Letting Go

Letting+Go

Marina Walser

I laid in bed, the night pitch black with an autumn chill. The wails and cries of sirens erupted from the darkness, then my room was flooded with flashes of blue and red, then left just as fast as they came. I shut my eyes for what seemed like a few seconds, then the blackness turned into me standing on the rooftop of a skyscraper. The sun shone brightly on my face. The wind blew hard against me. It hit me like a brick wall, whipping my hair around and made it lash at my face as I walked to the edge. I peered over the edge and felt dizzy. A hand grabbed my shoulder, it felt comforting, but it gave me a sudden jerk and sent me flying over the edge. As I began falling, time slowed down, I looked over my shoulder behind me to see a black silhouette waving goodbye to me, then it seemed as if for a split second it had a woman’s face, then it turned black again, and I watched as the figure dissipated.

I turned back towards the ground, it was hundreds of feet down, but it seemed like I’d be there before I even knew it. Moments of my life flashed before my eyes. I saw my parents holding me as a baby, a little knit cap sat on my head, bright yellow like a sunflower. My mom was rocking me back and forth in my her arms. Then my memories flashed forward to my first day of school, my mom stood outside in her bathrobe and kissed me goodbye and pushed me off toward the bus. I was wearing a bright, neon orange outfit. I remember just how all the new faces I saw that day talked about me and stared at me, I felt so alone at school.

Time skipped again to a rainy Spring day. I sat by my window in my room, my mom sat near me flipping through a book of tropical fish. My walls were a deep, sapphire blue. Brightly colored fish were painted across each of the walls in my room, some were giant stickers, others were magazine clippings my mom and I hung up on the wall. I always loved how pretty and colorful the fish were. My entire room was a giant depiction of a seascape. I saw a bright flash out of my peripheral vision and turned back to my window just as a crack of thunder struck. I jumped so hard I fell out of my seat, my mom picked me up and sat me back on my chair. Whenever it rained, my mom would tell me that it was the angels bowling and doing their laundry, but when it stopped and we could see rainbows she would tell me that it was a fish that got his wings.

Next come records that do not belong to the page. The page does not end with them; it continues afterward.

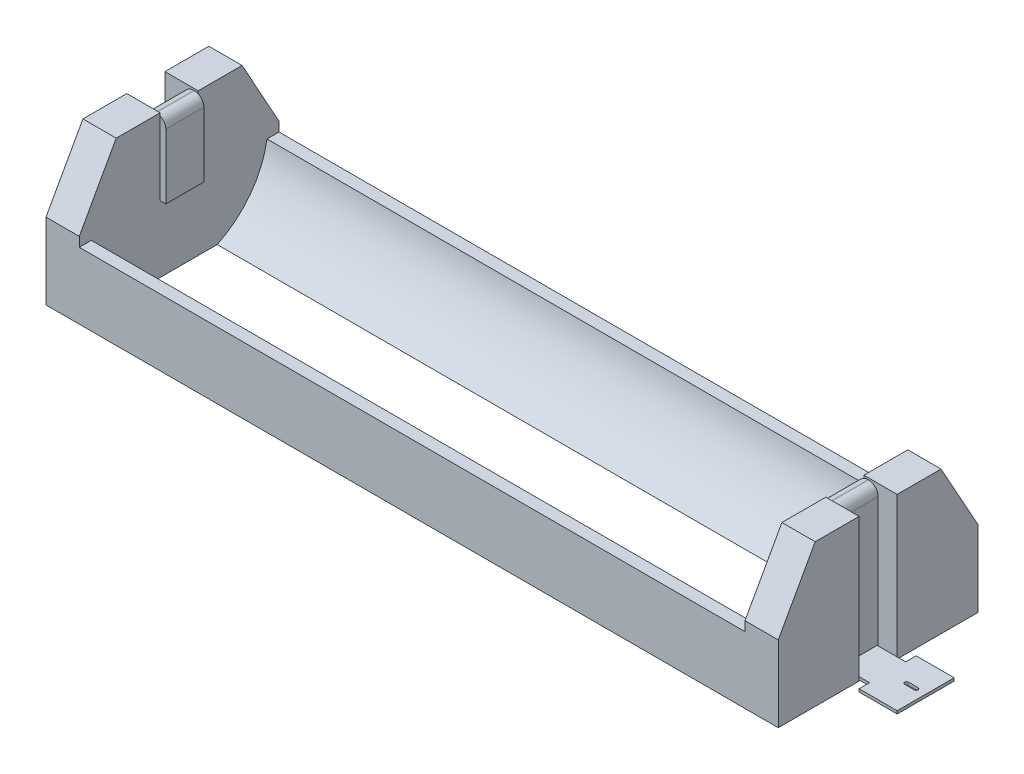
SolidWorks part; units mm, degrees
ref_plane "Płaszczyzna przednia" through (0, 0, 0) normal (0, 0, 1) x (1, 0, 0)
ref_plane "Płaszczyzna górna" through (0, 0, 0) normal (0, 1, 0) x (1, 0, 0)
ref_plane "Płaszczyzna prawa" through (0, 0, 0) normal (1, 0, 0) x (0, 0, -1)
sketch "Szkic1" plane through (0, 0, 0) normal (0, 1, 0) x (1, 0, 0)
  line L0 (0, 16.6009) -> (0, -20.6468) construction
  line L1 (-38.5, -10.5) -> (38.5, -10.5)
  line L2 (-38.5, -10.5) -> (-38.5, 10.5)
  line L3 (-38.5, 10.5) -> (38.5, 10.5)
  line L4 (38.5, -10.5) -> (38.5, 10.5)
  line L5 (-38.5, -10.5) -> (38.5, 10.5) construction
  line L6 (-38.5, 10.5) -> (38.5, -10.5) construction
  line L7 (-38.5, 10.5) -> (-35, 10.5)
  line L8 (-38.5, 10.5) -> (-38.5, -10.5)
  line L9 (-38.5, -10.5) -> (-35, -10.5)
  line L10 (-35, 10.5) -> (-35, -10.5)
  line L11 (38.5, -10.5) -> (35, -10.5)
  line L12 (35, 10.5) -> (35, -10.5)
  line L13 (38.5, 10.5) -> (35, 10.5)
  line L14 (38.5, 10.5) -> (38.5, -10.5)
  line L15 (38.5, -2) -> (38.5, 2)
  line L16 (-35, -4) -> (35, -4)
  line L17 (-35, -4) -> (-35, 4)
  line L18 (-35, 4) -> (35, 4)
  line L19 (35, -4) -> (35, 4)
  line L20 (-38.5, -2) -> (-36.5, -2)
  line L21 (-38.5, -2) -> (-38.5, 2)
  line L22 (-38.5, 2) -> (-36.5, 2)
  line L23 (-36.5, -2) -> (-36.5, 2)
  line L24 (38.5, -2) -> (36.5, -2)
  line L25 (36.5, -2) -> (36.5, 2)
  line L26 (38.5, 2) -> (36.5, 2)
  point P0 (0, 0)
  point P20 (-37.5, -2)
  dimension "D1" = 21
  dimension "D2" = 77
  dimension "D3" = 3.5
  dimension "D4" = 8
  dimension "D5" = 4
  dimension "D6" = 2
  dimension "D7" = 4
  dimension "D8" = 2
extrude "Dodanie-wyciągnięcie1" add sketch "Szkic1" along normal blind 15 contours L10 L3 L2 L1 | L3 L12 L1 L4 region at (-38.2871, 0, 6.25) region at (35.2129, 0, 7.25)
extrude "Dodanie-wyciągnięcie2" add sketch "Szkic1<3>" along normal blind 7 contours L16 L10 L1 L12 | L10 L18 L12 L3 region at (0, 0, 7.25) region at (0, 0, -7.25)
sketch "Szkic1<3>" plane through (0, 0, 0) normal (0, 1, 0) x (1, 0, 0) same geometry as "Szkic1"
sketch "Szkic2" plane through (-35, 0, 0) normal (1, 0, 0) x (0, 0, -1)
  circle A0 centre (0, 8.4512) radius 9.35
  point P3 (0, 0)
  dimension "D1" = 18.7
extrude "Wytnij-wyciągnięcie1" cut sketch "Szkic2" along normal up to surface (70 mm away) up to face at (35, 7.25, 0)
sketch "Szkic3" plane through (0, 0, 0) normal (0, 1, 0) x (1, 0, 0)
  line L0 (-36.5, 1.9) -> (-39.5, 1.9)
  line L1 (-36.5, -2) -> (-36.5, 2) construction
  line L2 (-39.5, 1.9) -> (-39.5, 3)
  line L3 (-39.5, 3) -> (-43.5, 3)
  line L4 (-43.5, 3) -> (-43.5, -3)
  line L5 (-43.5, 0) -> (-36.5, 0)
  line L6 (-36.5, -1.9) -> (-36.5, 1.9)
  line L7 (-42.5, 0) -> (-41.5, 0) construction
  line L8 (-42.5, 0.2) -> (-41.5, 0.2)
  line L9 (-42.5, -0.2) -> (-41.5, -0.2)
  line L10 (-38.5, 2) -> (-38.5, 10.5) construction
  line L11 (51.321, 0) -> (-60.425, 0) construction
  line L12 (0, -36.5173) -> (0, 27.4151) construction
  line L13 (-39.5, -3) -> (-43.5, -3)
  line L14 (-39.5, -1.9) -> (-39.5, -3)
  line L15 (-36.5, -1.9) -> (-39.5, -1.9)
  line L16 (42.5, 0) -> (41.5, 0) construction
  line L17 (42.5, 0.2) -> (41.5, 0.2)
  line L18 (42.5, -0.2) -> (41.5, -0.2)
  line L19 (36.5, -1.9) -> (39.5, -1.9)
  line L20 (39.5, -1.9) -> (39.5, -3)
  line L21 (39.5, -3) -> (43.5, -3)
  line L22 (36.5, -1.9) -> (36.5, 1.9)
  line L23 (43.5, 0) -> (36.5, 0)
  line L24 (43.5, 3) -> (43.5, -3)
  line L25 (39.5, 3) -> (43.5, 3)
  line L26 (39.5, 1.9) -> (39.5, 3)
  line L27 (36.5, 1.9) -> (39.5, 1.9)
  arc A0 (-42.5, 0.2) -> (-42.5, -0.2) centre (-42.5, 0) ccw
  arc A1 (-41.5, -0.2) -> (-41.5, 0.2) centre (-41.5, 0) ccw
  arc A2 (42.5, 0.2) -> (42.5, -0.2) centre (42.5, 0) cw
  arc A3 (41.5, -0.2) -> (41.5, 0.2) centre (41.5, 0) cw
  point P10 (-42, 0)
  point P28 (42, 0)
  dimension "D2" = 0.2
  dimension "D1" = 1
  dimension "D3" = 1
  dimension "D4" = 5
  dimension "D5" = 4
  dimension "D6" = 3
  dimension "D7" = 1.9
extrude "Dodanie-wyciągnięcie3" add sketch "Szkic3" along normal blind 0.3 contours A1 L5 L6 L0 L2 L3 L4 A0 L8 | A1 L9 A0 L5 L4 L13 L14 L15 L6 | L23 A3 L17 A2 L24 L25 L26 L27 L22 | L18 A3 L23 L22 L19 L20 L21 L24 A2 region at (-40.3484, 0, -1.3414) region at (-40.3484, 0, 1.3414) region at (40.3484, 0, -1.3414) region at (40.3484, 0, 1.3414)
chamfer "Sfazowanie1" distance 7 angle 29 4 edges at (36.75, 15, 10.5) (36.75, 15, -10.5) (-36.75, 15, -10.5) (-36.75, 15, 10.5) tangent propagation no first distance on face at (0, 9.25, 10.5) first distance on face at (0, 9.25, -10.5)
sketch "Szkic4" plane through (-35, 0, 0) normal (1, 0, 0) x (0, 0, -1)
  line L0 (2, 15) -> (2, 0) construction
  line L1 (-2, 15) -> (2, 15)
  line L2 (-2, 15) -> (-2, 7)
  line L3 (-2, 7) -> (2, 7)
  line L4 (2, 15) -> (2, 7)
  line L6 (-2, 15) -> (2, 15)
  line L7 (-2, 15) -> (-2, 14.8)
  line L8 (-2, 14.8) -> (2, 14.8)
  line L9 (2, 15) -> (2, 14.8)
  line M6 (6.6198, 15) -> (-6.6198, 15)
  dimension "D1" = 0.2
  dimension "D2" = 8
extrude "Wytnij-wyciągnięcie2" cut sketch "Szkic4" against normal up to next contours L2 L8 L4 M6 region at (-35, 14.9, 0)
extrude "Dodanie-wyciągnięcie4" add sketch "Szkic4<3>" along normal blind 0.6 contours L8 L2 L3 L4 region at (-35, 10.9, 0)
sketch "Szkic4<3>" plane through (-35, 0, 0) normal (1, 0, 0) x (0, 0, -1) same geometry as "Szkic4"
mirror "Lustro1" about plane through (0, 0, 0) normal (1, 0, 0) of "Wytnij-wyciągnięcie2", "Dodanie-wyciągnięcie4"
fillet "Zaokrąglenie1" radius 1 4 edges at (36.5, 14.8, 0) (34.4, 14.8, 0) (-34.4, 14.8, 0) (-36.5, 14.8, 0)
equation "\"D5@Szkic1\"=\"D4@Szkic1\"/2"
equation "\"D8@Szkic1\"=\"D7@Szkic1\"/2"

Now that I look back on it it makes me feel stupid, but when I was little I always used to wonder why fish couldn’t fly and I always believed what my mom told me.

My memories flashed forward again to when we first found out that my mom was sick. Fast forward again to when they started the chemo treatments. I was just 11, I knew in the back of my mind that I’d be losing my mom, but everyone told me she would be okay. I tried to keep up a front to make people believe I was handling my mom getting brain cancer just fine. In the end she had so many tumors, her brain deteriorated so fast that she lost who she was. She couldn’t really move, she couldn’t talk, she was just a body with someone trapped on the inside. I remember when we had to take her off life support. The last bit of life I saw from her were her vibrant, ocean blue eyes staring back at me. All she could do was blink, even then she could barely do that, but tears rolled from her eyes as the final breath left her. I didn’t cry then, I had to be strong for my dad because he was falling apart. When we got home I locked myself in my room and cried for hours.

My memories faded away and I was falling again. The ground was coming fast, but I didn’t care, I was too numb to care. Just when I was about to hit the ground, I shot up out of my bed. Tears streamed down my face, 5 years later and I still had a hard time coping with my mom being gone. Each time I had a dream about her I found myself waking up with a tear soaked pillow. There were days when I missed her, but the day was bearable to push through. Other days I just shut myself away and cried until I gave myself a head-splitting migraine. Usually my dreams of her were always pleasant, but then it occurred to me whose face I saw on the silhouette person, it was my mother’s. Maybe her pushing me off was her way of telling me that I needed to let go and move on, maybe it was my head messing with me all along. I don’t have the damnedest idea right now.

I looked over to my alarm clock and it was almost time for me to get up. I sluggishly got out of bed, picked out my clothes for school, and got ready to leave. Just before I left I gave my dad a kiss goodbye. He remarked how it had been a while since I kissed him before I left for school. As I walked to my car, I felt lighter, like a weight was lifted off my chest and I could finally breathe again. I started my car, pulled off down the street to make my way to school when I felt another presence with me. A warm and welcoming feeling came over me like the feeling my mom always gave me when I was younger, when she wasn’t sick. I knew that my mother couldn’t be there for me like how she and my family would’ve liked her to be. But I knew now that she didn’t want me to worry about her. I knew she was proud of me and she was still with me every step of the way.